• [Exercise] Up to and including the line that contains "#22=AXIS2_PLACEMENT_3D('',#19,#20,#21);", write out every line of the entries exactly, beginning with the first. Omit the pictures.
_____
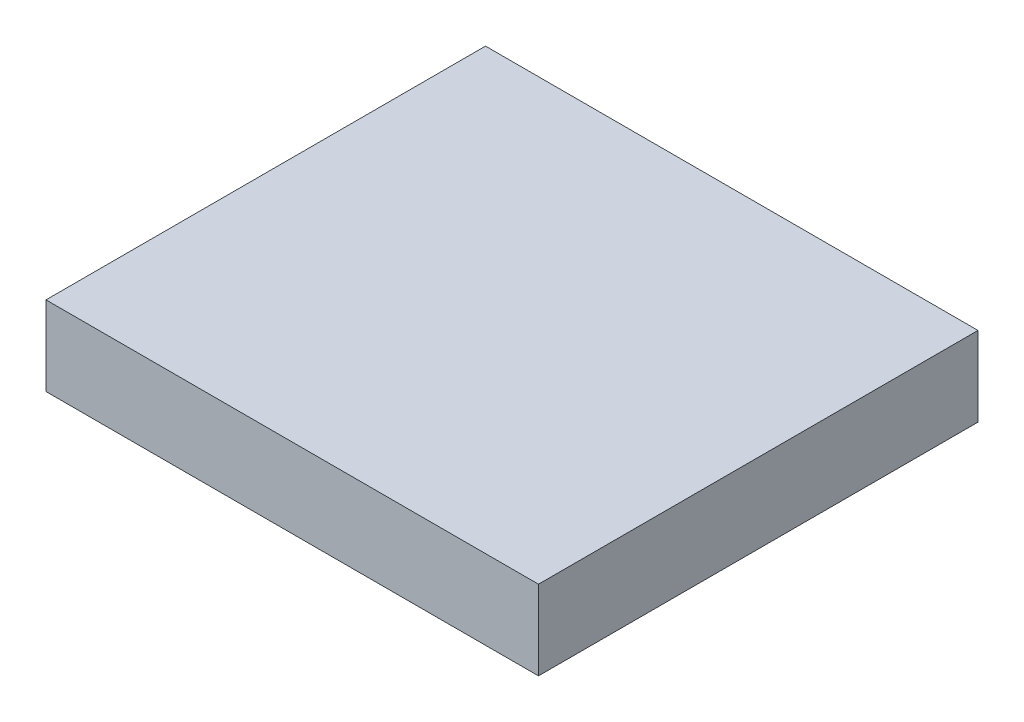
ISO-10303-21;
HEADER;
FILE_DESCRIPTION(('STEP AP214'),'2;1');
FILE_NAME('part.step','',(''),(''),'','','');
FILE_SCHEMA(('AUTOMOTIVE_DESIGN { 1 0 10303 214 1 1 1 1 }'));
ENDSEC;
DATA;
#1=APPLICATION_CONTEXT('core data for automotive mechanical design processes');
#2=APPLICATION_PROTOCOL_DEFINITION('international standard','automotive_design',2000,#1);
#3=PRODUCT_CONTEXT('',#1,'mechanical');
#4=PRODUCT('Part','Part','',(#3));
#5=PRODUCT_RELATED_PRODUCT_CATEGORY('part','',(#4));
#6=PRODUCT_DEFINITION_FORMATION('','',#4);
#7=PRODUCT_DEFINITION_CONTEXT('part definition',#1,'design');
#8=PRODUCT_DEFINITION('design','',#6,#7);
#9=PRODUCT_DEFINITION_SHAPE('','',#8);
#10=(LENGTH_UNIT() NAMED_UNIT(*) SI_UNIT(.MILLI.,.METRE.));
#11=(NAMED_UNIT(*) PLANE_ANGLE_UNIT() SI_UNIT($,.RADIAN.));
#12=(NAMED_UNIT(*) SI_UNIT($,.STERADIAN.) SOLID_ANGLE_UNIT());
#13=UNCERTAINTY_MEASURE_WITH_UNIT(LENGTH_MEASURE(1.E-05),#10,'distance_accuracy_value','');
#14=(GEOMETRIC_REPRESENTATION_CONTEXT(3) GLOBAL_UNCERTAINTY_ASSIGNED_CONTEXT((#13)) GLOBAL_UNIT_ASSIGNED_CONTEXT((#10,
#11,#12)) REPRESENTATION_CONTEXT('',''));
#15=CARTESIAN_POINT('',(0.,0.,0.));
#16=DIRECTION('',(0.,0.,1.));
#17=DIRECTION('',(1.,0.,0.));
#18=AXIS2_PLACEMENT_3D('',#15,#16,#17);
#19=CARTESIAN_POINT('',(46.5,15.,-41.5));
#20=DIRECTION('',(-1.,0.,0.));
#21=DIRECTION('',(0.,0.,1.));
#22=AXIS2_PLACEMENT_3D('',#19,#20,#21);
#23=PLANE('',#22);
#24=DIRECTION('',(0.,0.,-1.));
#25=VECTOR('',#24,1.);
#26=CARTESIAN_POINT('',(46.5,0.,-41.5));
#27=LINE('',#26,#25);
#28=CARTESIAN_POINT('',(46.5,0.,41.5));
#29=VERTEX_POINT('',#28);
#30=CARTESIAN_POINT('',(46.5,0.,-41.5));
#31=VERTEX_POINT('',#30);
#32=EDGE_CURVE('E95',#29,#31,#27,.T.);
#33=ORIENTED_EDGE('',*,*,#32,.T.);
#34=DIRECTION('',(0.,-1.,0.));
#35=VECTOR('',#34,1.);
#36=CARTESIAN_POINT('',(46.5,15.,-41.5));
#37=LINE('',#36,#35);
#38=CARTESIAN_POINT('',(46.5,15.,-41.5));
#39=VERTEX_POINT('',#38);
#40=EDGE_CURVE('E11',#39,#31,#37,.T.);
#41=ORIENTED_EDGE('',*,*,#40,.F.);
#42=DIRECTION('',(0.,0.,-1.));
#43=VECTOR('',#42,1.);
#44=CARTESIAN_POINT('',(46.5,15.,-41.5));
#45=LINE('',#44,#43);
#46=CARTESIAN_POINT('',(46.5,15.,41.5));
#47=VERTEX_POINT('',#46);
#48=EDGE_CURVE('E83',#47,#39,#45,.T.);
#49=ORIENTED_EDGE('',*,*,#48,.F.);
#50=DIRECTION('',(0.,-1.,0.));
#51=VECTOR('',#50,1.);
#52=CARTESIAN_POINT('',(46.5,15.,41.5));
#53=LINE('',#52,#51);
#54=EDGE_CURVE('E91',#47,#29,#53,.T.);
#55=ORIENTED_EDGE('',*,*,#54,.T.);
#56=EDGE_LOOP('',(#33,#41,#49,#55));
#57=FACE_BOUND('',#56,.T.);
#58=ADVANCED_FACE('F32',(#57),#23,.F.);
#59=CARTESIAN_POINT('',(-46.5,15.,-41.5));
#60=DIRECTION('',(0.,0.,1.));
#61=DIRECTION('',(1.,0.,0.));
#62=AXIS2_PLACEMENT_3D('',#59,#60,#61);
#63=PLANE('',#62);
#64=DIRECTION('',(-1.,0.,0.));
#65=VECTOR('',#64,1.);
#66=CARTESIAN_POINT('',(-46.5,0.,-41.5));
#67=LINE('',#66,#65);
#68=CARTESIAN_POINT('',(-46.5,0.,-41.5));
#69=VERTEX_POINT('',#68);
#70=EDGE_CURVE('E87',#31,#69,#67,.T.);
#71=ORIENTED_EDGE('',*,*,#70,.T.);
#72=DIRECTION('',(0.,-1.,0.));
#73=VECTOR('',#72,1.);
#74=CARTESIAN_POINT('',(-46.5,15.,-41.5));
#75=LINE('',#74,#73);
#76=CARTESIAN_POINT('',(-46.5,15.,-41.5));
#77=VERTEX_POINT('',#76);
#78=EDGE_CURVE('E40',#77,#69,#75,.T.);
#79=ORIENTED_EDGE('',*,*,#78,.F.);
#80=DIRECTION('',(-1.,0.,0.));
#81=VECTOR('',#80,1.);
#82=CARTESIAN_POINT('',(-46.5,15.,-41.5));
#83=LINE('',#82,#81);
#84=EDGE_CURVE('E78',#39,#77,#83,.T.);
#85=ORIENTED_EDGE('',*,*,#84,.F.);
#86=ORIENTED_EDGE('',*,*,#40,.T.);
#87=EDGE_LOOP('',(#71,#79,#85,#86));
#88=FACE_BOUND('',#87,.T.);
#89=ADVANCED_FACE('F86',(#88),#63,.F.);
#90=CARTESIAN_POINT('',(-46.5,15.,-41.5));
#91=DIRECTION('',(1.,0.,0.));
#92=DIRECTION('',(0.,0.,-1.));
#93=AXIS2_PLACEMENT_3D('',#90,#91,#92);
#94=PLANE('',#93);
#95=DIRECTION('',(0.,0.,1.));
#96=VECTOR('',#95,1.);
#97=CARTESIAN_POINT('',(-46.5,0.,-41.5));
#98=LINE('',#97,#96);
#99=CARTESIAN_POINT('',(-46.5,0.,41.5));
#100=VERTEX_POINT('',#99);
#101=EDGE_CURVE('E65',#69,#100,#98,.T.);
#102=ORIENTED_EDGE('',*,*,#101,.T.);
#103=DIRECTION('',(0.,-1.,0.));
#104=VECTOR('',#103,1.);
#105=CARTESIAN_POINT('',(-46.5,15.,41.5));
#106=LINE('',#105,#104);
#107=CARTESIAN_POINT('',(-46.5,15.,41.5));
#108=VERTEX_POINT('',#107);
#109=EDGE_CURVE('E88',#108,#100,#106,.T.);
#110=ORIENTED_EDGE('',*,*,#109,.F.);
#111=DIRECTION('',(0.,0.,1.));
#112=VECTOR('',#111,1.);
#113=CARTESIAN_POINT('',(-46.5,15.,-41.5));
#114=LINE('',#113,#112);
#115=EDGE_CURVE('E81',#77,#108,#114,.T.);
#116=ORIENTED_EDGE('',*,*,#115,.F.);
#117=ORIENTED_EDGE('',*,*,#78,.T.);
#118=EDGE_LOOP('',(#102,#110,#116,#117));
#119=FACE_BOUND('',#118,.T.);
#120=ADVANCED_FACE('F89',(#119),#94,.F.);
#121=CARTESIAN_POINT('',(-46.5,15.,41.5));
#122=DIRECTION('',(0.,0.,-1.));
#123=DIRECTION('',(-1.,0.,0.));
#124=AXIS2_PLACEMENT_3D('',#121,#122,#123);
#125=PLANE('',#124);
#126=DIRECTION('',(1.,0.,0.));
#127=VECTOR('',#126,1.);
#128=CARTESIAN_POINT('',(-46.5,0.,41.5));
#129=LINE('',#128,#127);
#130=EDGE_CURVE('E71',#100,#29,#129,.T.);
#131=ORIENTED_EDGE('',*,*,#130,.T.);
#132=ORIENTED_EDGE('',*,*,#54,.F.);
#133=DIRECTION('',(1.,0.,0.));
#134=VECTOR('',#133,1.);
#135=CARTESIAN_POINT('',(-46.5,15.,41.5));
#136=LINE('',#135,#134);
#137=EDGE_CURVE('E48',#108,#47,#136,.T.);
#138=ORIENTED_EDGE('',*,*,#137,.F.);
#139=ORIENTED_EDGE('',*,*,#109,.T.);
#140=EDGE_LOOP('',(#131,#132,#138,#139));
#141=FACE_BOUND('',#140,.T.);
#142=ADVANCED_FACE('F102',(#141),#125,.F.);
#143=CARTESIAN_POINT('',(0.,15.,0.));
#144=DIRECTION('',(0.,1.,0.));
#145=DIRECTION('',(0.,0.,1.));
#146=AXIS2_PLACEMENT_3D('',#143,#144,#145);
#147=PLANE('',#146);
#148=ORIENTED_EDGE('',*,*,#48,.T.);
#149=ORIENTED_EDGE('',*,*,#84,.T.);
#150=ORIENTED_EDGE('',*,*,#115,.T.);
#151=ORIENTED_EDGE('',*,*,#137,.T.);
#152=EDGE_LOOP('',(#148,#149,#150,#151));
#153=FACE_BOUND('',#152,.T.);
#154=ADVANCED_FACE('F79',(#153),#147,.T.);
#155=CARTESIAN_POINT('',(0.,0.,0.));
#156=DIRECTION('',(0.,1.,0.));
#157=DIRECTION('',(0.,0.,1.));
#158=AXIS2_PLACEMENT_3D('',#155,#156,#157);
#159=PLANE('',#158);
#160=ORIENTED_EDGE('',*,*,#32,.F.);
#161=ORIENTED_EDGE('',*,*,#130,.F.);
#162=ORIENTED_EDGE('',*,*,#101,.F.);
#163=ORIENTED_EDGE('',*,*,#70,.F.);
#164=EDGE_LOOP('',(#160,#161,#162,#163));
#165=FACE_BOUND('',#164,.T.);
#166=ADVANCED_FACE('F105',(#165),#159,.F.);
#167=CLOSED_SHELL('',(#58,#89,#120,#142,#154,#166));
#168=MANIFOLD_SOLID_BREP('B2',#167);
#169=ADVANCED_BREP_SHAPE_REPRESENTATION('',(#18,#168),#14);
#170=SHAPE_DEFINITION_REPRESENTATION(#9,#169);
ENDSEC;
END-ISO-10303-21;
_____
• [Response to the exercise]
ISO-10303-21;
HEADER;
FILE_DESCRIPTION(('STEP AP214'),'2;1');
FILE_NAME('part.step','',(''),(''),'','','');
FILE_SCHEMA(('AUTOMOTIVE_DESIGN { 1 0 10303 214 1 1 1 1 }'));
ENDSEC;
DATA;
#1=APPLICATION_CONTEXT('core data for automotive mechanical design processes');
#2=APPLICATION_PROTOCOL_DEFINITION('international standard','automotive_design',2000,#1);
#3=PRODUCT_CONTEXT('',#1,'mechanical');
#4=PRODUCT('Part','Part','',(#3));
#5=PRODUCT_RELATED_PRODUCT_CATEGORY('part','',(#4));
#6=PRODUCT_DEFINITION_FORMATION('','',#4);
#7=PRODUCT_DEFINITION_CONTEXT('part definition',#1,'design');
#8=PRODUCT_DEFINITION('design','',#6,#7);
#9=PRODUCT_DEFINITION_SHAPE('','',#8);
#10=(LENGTH_UNIT() NAMED_UNIT(*) SI_UNIT(.MILLI.,.METRE.));
#11=(NAMED_UNIT(*) PLANE_ANGLE_UNIT() SI_UNIT($,.RADIAN.));
#12=(NAMED_UNIT(*) SI_UNIT($,.STERADIAN.) SOLID_ANGLE_UNIT());
#13=UNCERTAINTY_MEASURE_WITH_UNIT(LENGTH_MEASURE(1.E-05),#10,'distance_accuracy_value','');
#14=(GEOMETRIC_REPRESENTATION_CONTEXT(3) GLOBAL_UNCERTAINTY_ASSIGNED_CONTEXT((#13)) GLOBAL_UNIT_ASSIGNED_CONTEXT((#10,
#11,#12)) REPRESENTATION_CONTEXT('',''));
#15=CARTESIAN_POINT('',(0.,0.,0.));
#16=DIRECTION('',(0.,0.,1.));
#17=DIRECTION('',(1.,0.,0.));
#18=AXIS2_PLACEMENT_3D('',#15,#16,#17);
#19=CARTESIAN_POINT('',(46.5,15.,-41.5));
#20=DIRECTION('',(-1.,0.,0.));
#21=DIRECTION('',(0.,0.,1.));
#22=AXIS2_PLACEMENT_3D('',#19,#20,#21);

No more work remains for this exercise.